#### [GOAL OF THE EXERCISE]
All pictures must be left out as you transcribe the lines from the first line of the data to the line containing "#6=PRODUCT_DEFINITION_FORMATION('','',#4);", both included.

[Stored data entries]
******************************

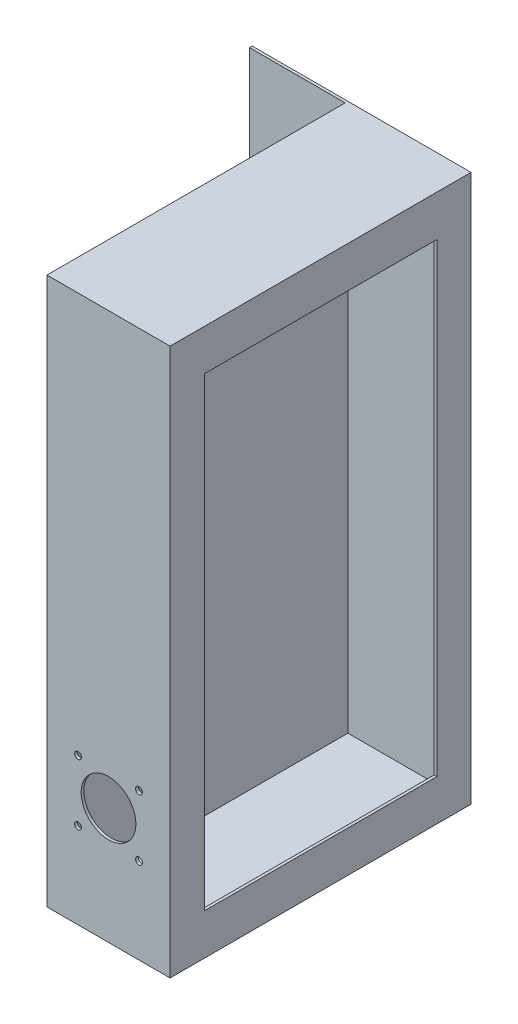
ISO-10303-21;
HEADER;
FILE_DESCRIPTION(('STEP AP214'),'2;1');
FILE_NAME('part.step','',(''),(''),'','','');
FILE_SCHEMA(('AUTOMOTIVE_DESIGN { 1 0 10303 214 1 1 1 1 }'));
ENDSEC;
DATA;
#1=APPLICATION_CONTEXT('core data for automotive mechanical design processes');
#2=APPLICATION_PROTOCOL_DEFINITION('international standard','automotive_design',2000,#1);
#3=PRODUCT_CONTEXT('',#1,'mechanical');
#4=PRODUCT('Part','Part','',(#3));
#5=PRODUCT_RELATED_PRODUCT_CATEGORY('part','',(#4));
#6=PRODUCT_DEFINITION_FORMATION('','',#4);
#7=PRODUCT_DEFINITION_CONTEXT('part definition',#1,'design');
#8=PRODUCT_DEFINITION('design','',#6,#7);
#9=PRODUCT_DEFINITION_SHAPE('','',#8);
#10=(LENGTH_UNIT() NAMED_UNIT(*) SI_UNIT(.MILLI.,.METRE.));
#11=(NAMED_UNIT(*) PLANE_ANGLE_UNIT() SI_UNIT($,.RADIAN.));
#12=(NAMED_UNIT(*) SI_UNIT($,.STERADIAN.) SOLID_ANGLE_UNIT());
#13=UNCERTAINTY_MEASURE_WITH_UNIT(LENGTH_MEASURE(1.E-05),#10,'distance_accuracy_value','');
#14=(GEOMETRIC_REPRESENTATION_CONTEXT(3) GLOBAL_UNCERTAINTY_ASSIGNED_CONTEXT((#13)) GLOBAL_UNIT_ASSIGNED_CONTEXT((#10,
#11,#12)) REPRESENTATION_CONTEXT('',''));
#15=CARTESIAN_POINT('',(0.,0.,0.));
#16=DIRECTION('',(0.,0.,1.));
#17=DIRECTION('',(1.,0.,0.));
#18=AXIS2_PLACEMENT_3D('',#15,#16,#17);
#19=CARTESIAN_POINT('',(45.,200.,110.));
#20=DIRECTION('',(-1.,0.,0.));
#21=DIRECTION('',(0.,-1.,0.));
#22=AXIS2_PLACEMENT_3D('',#19,#20,#21);
#23=PLANE('',#22);
#24=DIRECTION('',(0.,0.,1.));
#25=VECTOR('',#24,1.);
#26=CARTESIAN_POINT('',(45.,170.,85.));
#27=LINE('',#26,#25);
#28=CARTESIAN_POINT('',(45.,170.,-85.));
#29=VERTEX_POINT('',#28);
#30=CARTESIAN_POINT('',(45.,170.,85.));
#31=VERTEX_POINT('',#30);
#32=EDGE_CURVE('E232',#29,#31,#27,.T.);
#33=ORIENTED_EDGE('',*,*,#32,.F.);
#34=DIRECTION('',(0.,1.,0.));
#35=VECTOR('',#34,1.);
#36=CARTESIAN_POINT('',(45.,170.,-85.));
#37=LINE('',#36,#35);
#38=CARTESIAN_POINT('',(45.,-170.,-85.));
#39=VERTEX_POINT('',#38);
#40=EDGE_CURVE('E235',#39,#29,#37,.T.);
#41=ORIENTED_EDGE('',*,*,#40,.F.);
#42=DIRECTION('',(0.,0.,-1.));
#43=VECTOR('',#42,1.);
#44=CARTESIAN_POINT('',(45.,-170.,85.));
#45=LINE('',#44,#43);
#46=CARTESIAN_POINT('',(45.,-170.,85.));
#47=VERTEX_POINT('',#46);
#48=EDGE_CURVE('E223',#47,#39,#45,.T.);
#49=ORIENTED_EDGE('',*,*,#48,.F.);
#50=DIRECTION('',(0.,-1.,0.));
#51=VECTOR('',#50,1.);
#52=CARTESIAN_POINT('',(45.,170.,85.));
#53=LINE('',#52,#51);
#54=EDGE_CURVE('E228',#31,#47,#53,.T.);
#55=ORIENTED_EDGE('',*,*,#54,.F.);
#56=EDGE_LOOP('',(#33,#41,#49,#55));
#57=FACE_BOUND('',#56,.T.);
#58=DIRECTION('',(0.,1.,0.));
#59=VECTOR('',#58,1.);
#60=CARTESIAN_POINT('',(45.,200.,-110.));
#61=LINE('',#60,#59);
#62=CARTESIAN_POINT('',(45.,-200.,-110.));
#63=VERTEX_POINT('',#62);
#64=CARTESIAN_POINT('',(45.,200.,-110.));
#65=VERTEX_POINT('',#64);
#66=EDGE_CURVE('E227',#63,#65,#61,.T.);
#67=ORIENTED_EDGE('',*,*,#66,.T.);
#68=DIRECTION('',(0.,0.,-1.));
#69=VECTOR('',#68,1.);
#70=CARTESIAN_POINT('',(45.,200.,110.));
#71=LINE('',#70,#69);
#72=CARTESIAN_POINT('',(45.,200.,110.));
#73=VERTEX_POINT('',#72);
#74=EDGE_CURVE('E292',#73,#65,#71,.T.);
#75=ORIENTED_EDGE('',*,*,#74,.F.);
#76=DIRECTION('',(0.,1.,0.));
#77=VECTOR('',#76,1.);
#78=CARTESIAN_POINT('',(45.,200.,110.));
#79=LINE('',#78,#77);
#80=CARTESIAN_POINT('',(45.,-200.,110.));
#81=VERTEX_POINT('',#80);
#82=EDGE_CURVE('E260',#81,#73,#79,.T.);
#83=ORIENTED_EDGE('',*,*,#82,.F.);
#84=DIRECTION('',(0.,0.,-1.));
#85=VECTOR('',#84,1.);
#86=CARTESIAN_POINT('',(45.,-200.,110.));
#87=LINE('',#86,#85);
#88=EDGE_CURVE('E274',#81,#63,#87,.T.);
#89=ORIENTED_EDGE('',*,*,#88,.T.);
#90=EDGE_LOOP('',(#67,#75,#83,#89));
#91=FACE_BOUND('',#90,.T.);
#92=ADVANCED_FACE('F39',(#57,#91),#23,.F.);
#93=CARTESIAN_POINT('',(-45.,200.,110.));
#94=DIRECTION('',(0.,-1.,0.));
#95=DIRECTION('',(0.,0.,-1.));
#96=AXIS2_PLACEMENT_3D('',#93,#94,#95);
#97=PLANE('',#96);
#98=DIRECTION('',(-1.,0.,0.));
#99=VECTOR('',#98,1.);
#100=CARTESIAN_POINT('',(-45.,200.,-110.));
#101=LINE('',#100,#99);
#102=CARTESIAN_POINT('',(-115.,200.,-110.));
#103=VERTEX_POINT('',#102);
#104=EDGE_CURVE('E278',#65,#103,#101,.T.);
#105=ORIENTED_EDGE('',*,*,#104,.T.);
#106=DIRECTION('',(0.,0.,-1.));
#107=VECTOR('',#106,1.);
#108=CARTESIAN_POINT('',(-115.,200.,-108.));
#109=LINE('',#108,#107);
#110=CARTESIAN_POINT('',(-115.,200.,-108.));
#111=VERTEX_POINT('',#110);
#112=EDGE_CURVE('E153',#111,#103,#109,.T.);
#113=ORIENTED_EDGE('',*,*,#112,.F.);
#114=DIRECTION('',(1.,0.,0.));
#115=VECTOR('',#114,1.);
#116=CARTESIAN_POINT('',(-45.,200.,-108.));
#117=LINE('',#116,#115);
#118=CARTESIAN_POINT('',(-45.,200.,-108.));
#119=VERTEX_POINT('',#118);
#120=EDGE_CURVE('E154',#111,#119,#117,.T.);
#121=ORIENTED_EDGE('',*,*,#120,.T.);
#122=DIRECTION('',(0.,0.,-1.));
#123=VECTOR('',#122,1.);
#124=CARTESIAN_POINT('',(-45.,200.,110.));
#125=LINE('',#124,#123);
#126=CARTESIAN_POINT('',(-45.,200.,110.));
#127=VERTEX_POINT('',#126);
#128=EDGE_CURVE('E288',#127,#119,#125,.T.);
#129=ORIENTED_EDGE('',*,*,#128,.F.);
#130=DIRECTION('',(-1.,0.,0.));
#131=VECTOR('',#130,1.);
#132=CARTESIAN_POINT('',(-45.,200.,110.));
#133=LINE('',#132,#131);
#134=EDGE_CURVE('E264',#73,#127,#133,.T.);
#135=ORIENTED_EDGE('',*,*,#134,.F.);
#136=ORIENTED_EDGE('',*,*,#74,.T.);
#137=EDGE_LOOP('',(#105,#113,#121,#129,#135,#136));
#138=FACE_BOUND('',#137,.T.);
#139=ADVANCED_FACE('F361',(#138),#97,.F.);
#140=CARTESIAN_POINT('',(-45.,200.,110.));
#141=DIRECTION('',(1.,0.,0.));
#142=DIRECTION('',(0.,1.,0.));
#143=AXIS2_PLACEMENT_3D('',#140,#141,#142);
#144=PLANE('',#143);
#145=ORIENTED_EDGE('',*,*,#128,.T.);
#146=DIRECTION('',(0.,-1.,0.));
#147=VECTOR('',#146,1.);
#148=CARTESIAN_POINT('',(-45.,200.,-108.));
#149=LINE('',#148,#147);
#150=CARTESIAN_POINT('',(-45.,-200.,-108.));
#151=VERTEX_POINT('',#150);
#152=EDGE_CURVE('E166',#119,#151,#149,.T.);
#153=ORIENTED_EDGE('',*,*,#152,.T.);
#154=DIRECTION('',(0.,0.,-1.));
#155=VECTOR('',#154,1.);
#156=CARTESIAN_POINT('',(-45.,-200.,110.));
#157=LINE('',#156,#155);
#158=CARTESIAN_POINT('',(-45.,-200.,110.));
#159=VERTEX_POINT('',#158);
#160=EDGE_CURVE('E164',#159,#151,#157,.T.);
#161=ORIENTED_EDGE('',*,*,#160,.F.);
#162=DIRECTION('',(0.,-1.,0.));
#163=VECTOR('',#162,1.);
#164=CARTESIAN_POINT('',(-45.,200.,110.));
#165=LINE('',#164,#163);
#166=EDGE_CURVE('E268',#127,#159,#165,.T.);
#167=ORIENTED_EDGE('',*,*,#166,.F.);
#168=EDGE_LOOP('',(#145,#153,#161,#167));
#169=FACE_BOUND('',#168,.T.);
#170=ADVANCED_FACE('F368',(#169),#144,.F.);
#171=CARTESIAN_POINT('',(-45.,-200.,110.));
#172=DIRECTION('',(0.,1.,0.));
#173=DIRECTION('',(0.,0.,1.));
#174=AXIS2_PLACEMENT_3D('',#171,#172,#173);
#175=PLANE('',#174);
#176=DIRECTION('',(1.,0.,0.));
#177=VECTOR('',#176,1.);
#178=CARTESIAN_POINT('',(-45.,-200.,-110.));
#179=LINE('',#178,#177);
#180=CARTESIAN_POINT('',(-115.,-200.,-110.));
#181=VERTEX_POINT('',#180);
#182=EDGE_CURVE('E265',#181,#63,#179,.T.);
#183=ORIENTED_EDGE('',*,*,#182,.T.);
#184=ORIENTED_EDGE('',*,*,#88,.F.);
#185=DIRECTION('',(1.,0.,0.));
#186=VECTOR('',#185,1.);
#187=CARTESIAN_POINT('',(-45.,-200.,110.));
#188=LINE('',#187,#186);
#189=EDGE_CURVE('E271',#159,#81,#188,.T.);
#190=ORIENTED_EDGE('',*,*,#189,.F.);
#191=ORIENTED_EDGE('',*,*,#160,.T.);
#192=DIRECTION('',(-1.,0.,0.));
#193=VECTOR('',#192,1.);
#194=CARTESIAN_POINT('',(-45.0000000000001,-200.,-108.));
#195=LINE('',#194,#193);
#196=CARTESIAN_POINT('',(-115.,-200.,-108.));
#197=VERTEX_POINT('',#196);
#198=EDGE_CURVE('E57',#151,#197,#195,.T.);
#199=ORIENTED_EDGE('',*,*,#198,.T.);
#200=DIRECTION('',(0.,0.,-1.));
#201=VECTOR('',#200,1.);
#202=CARTESIAN_POINT('',(-115.,-200.,-108.));
#203=LINE('',#202,#201);
#204=EDGE_CURVE('E144',#197,#181,#203,.T.);
#205=ORIENTED_EDGE('',*,*,#204,.T.);
#206=EDGE_LOOP('',(#183,#184,#190,#191,#199,#205));
#207=FACE_BOUND('',#206,.T.);
#208=ADVANCED_FACE('F161',(#207),#175,.F.);
#209=CARTESIAN_POINT('',(0.,0.,110.));
#210=DIRECTION('',(0.,0.,1.));
#211=DIRECTION('',(1.,0.,0.));
#212=AXIS2_PLACEMENT_3D('',#209,#210,#211);
#213=PLANE('',#212);
#214=CARTESIAN_POINT('',(22.275,-137.275,110.));
#215=DIRECTION('',(0.,0.,1.));
#216=DIRECTION('',(1.,0.,0.));
#217=AXIS2_PLACEMENT_3D('',#214,#215,#216);
#218=CIRCLE('',#217,2.5);
#219=CARTESIAN_POINT('',(24.775,-137.275,110.));
#220=VERTEX_POINT('',#219);
#221=EDGE_CURVE('E176',#220,#220,#218,.T.);
#222=ORIENTED_EDGE('',*,*,#221,.F.);
#223=EDGE_LOOP('',(#222));
#224=FACE_BOUND('',#223,.T.);
#225=CARTESIAN_POINT('',(-22.275,-137.275,110.));
#226=DIRECTION('',(0.,0.,1.));
#227=DIRECTION('',(1.,0.,0.));
#228=AXIS2_PLACEMENT_3D('',#225,#226,#227);
#229=CIRCLE('',#228,2.5);
#230=CARTESIAN_POINT('',(-19.775,-137.275,110.));
#231=VERTEX_POINT('',#230);
#232=EDGE_CURVE('E196',#231,#231,#229,.T.);
#233=ORIENTED_EDGE('',*,*,#232,.F.);
#234=EDGE_LOOP('',(#233));
#235=FACE_BOUND('',#234,.T.);
#236=CARTESIAN_POINT('',(22.275,-92.725,110.));
#237=DIRECTION('',(0.,0.,1.));
#238=DIRECTION('',(1.,0.,0.));
#239=AXIS2_PLACEMENT_3D('',#236,#237,#238);
#240=CIRCLE('',#239,2.5);
#241=CARTESIAN_POINT('',(24.775,-92.725,110.));
#242=VERTEX_POINT('',#241);
#243=EDGE_CURVE('E188',#242,#242,#240,.T.);
#244=ORIENTED_EDGE('',*,*,#243,.F.);
#245=EDGE_LOOP('',(#244));
#246=FACE_BOUND('',#245,.T.);
#247=CARTESIAN_POINT('',(-22.275,-92.725,110.));
#248=DIRECTION('',(0.,0.,1.));
#249=DIRECTION('',(1.,0.,0.));
#250=AXIS2_PLACEMENT_3D('',#247,#248,#249);
#251=CIRCLE('',#250,2.5);
#252=CARTESIAN_POINT('',(-19.775,-92.725,110.));
#253=VERTEX_POINT('',#252);
#254=EDGE_CURVE('E178',#253,#253,#251,.T.);
#255=ORIENTED_EDGE('',*,*,#254,.F.);
#256=EDGE_LOOP('',(#255));
#257=FACE_BOUND('',#256,.T.);
#258=CARTESIAN_POINT('',(0.,-115.,110.));
#259=DIRECTION('',(0.,0.,1.));
#260=DIRECTION('',(1.,0.,0.));
#261=AXIS2_PLACEMENT_3D('',#258,#259,#260);
#262=CIRCLE('',#261,20.);
#263=CARTESIAN_POINT('',(20.,-115.,110.));
#264=VERTEX_POINT('',#263);
#265=EDGE_CURVE('E187',#264,#264,#262,.T.);
#266=ORIENTED_EDGE('',*,*,#265,.F.);
#267=EDGE_LOOP('',(#266));
#268=FACE_BOUND('',#267,.T.);
#269=ORIENTED_EDGE('',*,*,#82,.T.);
#270=ORIENTED_EDGE('',*,*,#134,.T.);
#271=ORIENTED_EDGE('',*,*,#166,.T.);
#272=ORIENTED_EDGE('',*,*,#189,.T.);
#273=EDGE_LOOP('',(#269,#270,#271,#272));
#274=FACE_BOUND('',#273,.T.);
#275=ADVANCED_FACE('F456',(#224,#235,#246,#257,#268,#274),#213,.T.);
#276=CARTESIAN_POINT('',(0.,0.,-110.));
#277=DIRECTION('',(0.,0.,1.));
#278=DIRECTION('',(1.,0.,0.));
#279=AXIS2_PLACEMENT_3D('',#276,#277,#278);
#280=PLANE('',#279);
#281=ORIENTED_EDGE('',*,*,#66,.F.);
#282=ORIENTED_EDGE('',*,*,#182,.F.);
#283=DIRECTION('',(0.,1.,0.));
#284=VECTOR('',#283,1.);
#285=CARTESIAN_POINT('',(-115.,200.,-110.));
#286=LINE('',#285,#284);
#287=EDGE_CURVE('E150',#181,#103,#286,.T.);
#288=ORIENTED_EDGE('',*,*,#287,.T.);
#289=ORIENTED_EDGE('',*,*,#104,.F.);
#290=EDGE_LOOP('',(#281,#282,#288,#289));
#291=FACE_BOUND('',#290,.T.);
#292=ADVANCED_FACE('F419',(#291),#280,.F.);
#293=CARTESIAN_POINT('',(-45.0010000000001,170.,-85.));
#294=DIRECTION('',(0.,0.,-1.));
#295=DIRECTION('',(0.,1.,0.));
#296=AXIS2_PLACEMENT_3D('',#293,#294,#295);
#297=PLANE('',#296);
#298=DIRECTION('',(1.,0.,0.));
#299=VECTOR('',#298,1.);
#300=CARTESIAN_POINT('',(-45.001,-170.,-85.));
#301=LINE('',#300,#299);
#302=CARTESIAN_POINT('',(43.,-170.,-85.));
#303=VERTEX_POINT('',#302);
#304=EDGE_CURVE('E246',#303,#39,#301,.T.);
#305=ORIENTED_EDGE('',*,*,#304,.T.);
#306=ORIENTED_EDGE('',*,*,#40,.T.);
#307=DIRECTION('',(1.,0.,0.));
#308=VECTOR('',#307,1.);
#309=CARTESIAN_POINT('',(-45.0010000000001,170.,-85.));
#310=LINE('',#309,#308);
#311=CARTESIAN_POINT('',(43.,170.,-85.));
#312=VERTEX_POINT('',#311);
#313=EDGE_CURVE('E241',#312,#29,#310,.T.);
#314=ORIENTED_EDGE('',*,*,#313,.F.);
#315=DIRECTION('',(0.,1.,0.));
#316=VECTOR('',#315,1.);
#317=CARTESIAN_POINT('',(43.,170.,-85.));
#318=LINE('',#317,#316);
#319=EDGE_CURVE('E217',#303,#312,#318,.T.);
#320=ORIENTED_EDGE('',*,*,#319,.F.);
#321=EDGE_LOOP('',(#305,#306,#314,#320));
#322=FACE_BOUND('',#321,.T.);
#323=ADVANCED_FACE('F413',(#322),#297,.F.);
#324=CARTESIAN_POINT('',(-45.001,-170.,85.));
#325=DIRECTION('',(0.,-1.,0.));
#326=DIRECTION('',(1.,0.,0.));
#327=AXIS2_PLACEMENT_3D('',#324,#325,#326);
#328=PLANE('',#327);
#329=DIRECTION('',(1.,0.,0.));
#330=VECTOR('',#329,1.);
#331=CARTESIAN_POINT('',(-45.001,-170.,85.));
#332=LINE('',#331,#330);
#333=CARTESIAN_POINT('',(43.,-170.,85.));
#334=VERTEX_POINT('',#333);
#335=EDGE_CURVE('E222',#334,#47,#332,.T.);
#336=ORIENTED_EDGE('',*,*,#335,.T.);
#337=ORIENTED_EDGE('',*,*,#48,.T.);
#338=ORIENTED_EDGE('',*,*,#304,.F.);
#339=DIRECTION('',(0.,0.,-1.));
#340=VECTOR('',#339,1.);
#341=CARTESIAN_POINT('',(43.,-170.,85.));
#342=LINE('',#341,#340);
#343=EDGE_CURVE('E242',#334,#303,#342,.T.);
#344=ORIENTED_EDGE('',*,*,#343,.F.);
#345=EDGE_LOOP('',(#336,#337,#338,#344));
#346=FACE_BOUND('',#345,.T.);
#347=ADVANCED_FACE('F418',(#346),#328,.F.);
#348=CARTESIAN_POINT('',(-45.0010000000001,170.,85.));
#349=DIRECTION('',(0.,0.,1.));
#350=DIRECTION('',(0.,-1.,0.));
#351=AXIS2_PLACEMENT_3D('',#348,#349,#350);
#352=PLANE('',#351);
#353=DIRECTION('',(1.,0.,0.));
#354=VECTOR('',#353,1.);
#355=CARTESIAN_POINT('',(-45.0010000000001,170.,85.));
#356=LINE('',#355,#354);
#357=CARTESIAN_POINT('',(43.,170.,85.));
#358=VERTEX_POINT('',#357);
#359=EDGE_CURVE('E65',#358,#31,#356,.T.);
#360=ORIENTED_EDGE('',*,*,#359,.T.);
#361=ORIENTED_EDGE('',*,*,#54,.T.);
#362=ORIENTED_EDGE('',*,*,#335,.F.);
#363=DIRECTION('',(0.,-1.,0.));
#364=VECTOR('',#363,1.);
#365=CARTESIAN_POINT('',(43.,170.,85.));
#366=LINE('',#365,#364);
#367=EDGE_CURVE('E247',#358,#334,#366,.T.);
#368=ORIENTED_EDGE('',*,*,#367,.F.);
#369=EDGE_LOOP('',(#360,#361,#362,#368));
#370=FACE_BOUND('',#369,.T.);
#371=ADVANCED_FACE('F430',(#370),#352,.F.);
#372=CARTESIAN_POINT('',(-45.0010000000001,170.,85.));
#373=DIRECTION('',(0.,1.,0.));
#374=DIRECTION('',(-1.,0.,0.));
#375=AXIS2_PLACEMENT_3D('',#372,#373,#374);
#376=PLANE('',#375);
#377=ORIENTED_EDGE('',*,*,#313,.T.);
#378=ORIENTED_EDGE('',*,*,#32,.T.);
#379=ORIENTED_EDGE('',*,*,#359,.F.);
#380=DIRECTION('',(0.,0.,1.));
#381=VECTOR('',#380,1.);
#382=CARTESIAN_POINT('',(43.,170.,85.));
#383=LINE('',#382,#381);
#384=EDGE_CURVE('E218',#312,#358,#383,.T.);
#385=ORIENTED_EDGE('',*,*,#384,.F.);
#386=EDGE_LOOP('',(#377,#378,#379,#385));
#387=FACE_BOUND('',#386,.T.);
#388=ADVANCED_FACE('F377',(#387),#376,.F.);
#389=CARTESIAN_POINT('',(43.,200.,110.));
#390=DIRECTION('',(-1.,0.,0.));
#391=DIRECTION('',(0.,-1.,0.));
#392=AXIS2_PLACEMENT_3D('',#389,#390,#391);
#393=PLANE('',#392);
#394=DIRECTION('',(0.,1.,0.));
#395=VECTOR('',#394,1.);
#396=CARTESIAN_POINT('',(43.,200.,-108.));
#397=LINE('',#396,#395);
#398=CARTESIAN_POINT('',(43.,-198.,-108.));
#399=VERTEX_POINT('',#398);
#400=CARTESIAN_POINT('',(43.,198.,-108.));
#401=VERTEX_POINT('',#400);
#402=EDGE_CURVE('E43',#399,#401,#397,.T.);
#403=ORIENTED_EDGE('',*,*,#402,.F.);
#404=DIRECTION('',(0.,0.,-1.));
#405=VECTOR('',#404,1.);
#406=CARTESIAN_POINT('',(43.,-198.,110.));
#407=LINE('',#406,#405);
#408=CARTESIAN_POINT('',(43.,-198.,108.));
#409=VERTEX_POINT('',#408);
#410=EDGE_CURVE('E325',#409,#399,#407,.T.);
#411=ORIENTED_EDGE('',*,*,#410,.F.);
#412=DIRECTION('',(0.,1.,0.));
#413=VECTOR('',#412,1.);
#414=CARTESIAN_POINT('',(43.,200.,108.));
#415=LINE('',#414,#413);
#416=CARTESIAN_POINT('',(43.,198.,108.));
#417=VERTEX_POINT('',#416);
#418=EDGE_CURVE('E301',#409,#417,#415,.T.);
#419=ORIENTED_EDGE('',*,*,#418,.T.);
#420=DIRECTION('',(0.,0.,-1.));
#421=VECTOR('',#420,1.);
#422=CARTESIAN_POINT('',(43.,198.,110.));
#423=LINE('',#422,#421);
#424=EDGE_CURVE('E319',#417,#401,#423,.T.);
#425=ORIENTED_EDGE('',*,*,#424,.T.);
#426=EDGE_LOOP('',(#403,#411,#419,#425));
#427=FACE_BOUND('',#426,.T.);
#428=ORIENTED_EDGE('',*,*,#343,.T.);
#429=ORIENTED_EDGE('',*,*,#319,.T.);
#430=ORIENTED_EDGE('',*,*,#384,.T.);
#431=ORIENTED_EDGE('',*,*,#367,.T.);
#432=EDGE_LOOP('',(#428,#429,#430,#431));
#433=FACE_BOUND('',#432,.T.);
#434=ADVANCED_FACE('F336',(#427,#433),#393,.T.);
#435=CARTESIAN_POINT('',(-45.,198.,110.));
#436=DIRECTION('',(0.,-1.,0.));
#437=DIRECTION('',(0.,0.,-1.));
#438=AXIS2_PLACEMENT_3D('',#435,#436,#437);
#439=PLANE('',#438);
#440=DIRECTION('',(-1.,0.,0.));
#441=VECTOR('',#440,1.);
#442=CARTESIAN_POINT('',(-45.,198.,-108.));
#443=LINE('',#442,#441);
#444=CARTESIAN_POINT('',(-43.,198.,-108.));
#445=VERTEX_POINT('',#444);
#446=EDGE_CURVE('E323',#401,#445,#443,.T.);
#447=ORIENTED_EDGE('',*,*,#446,.F.);
#448=ORIENTED_EDGE('',*,*,#424,.F.);
#449=DIRECTION('',(-1.,0.,0.));
#450=VECTOR('',#449,1.);
#451=CARTESIAN_POINT('',(-45.,198.,108.));
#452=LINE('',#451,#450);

******************************

#### [RESULT OF THIS EXERCISE]
ISO-10303-21;
HEADER;
FILE_DESCRIPTION(('STEP AP214'),'2;1');
FILE_NAME('part.step','',(''),(''),'','','');
FILE_SCHEMA(('AUTOMOTIVE_DESIGN { 1 0 10303 214 1 1 1 1 }'));
ENDSEC;
DATA;
#1=APPLICATION_CONTEXT('core data for automotive mechanical design processes');
#2=APPLICATION_PROTOCOL_DEFINITION('international standard','automotive_design',2000,#1);
#3=PRODUCT_CONTEXT('',#1,'mechanical');
#4=PRODUCT('Part','Part','',(#3));
#5=PRODUCT_RELATED_PRODUCT_CATEGORY('part','',(#4));
#6=PRODUCT_DEFINITION_FORMATION('','',#4);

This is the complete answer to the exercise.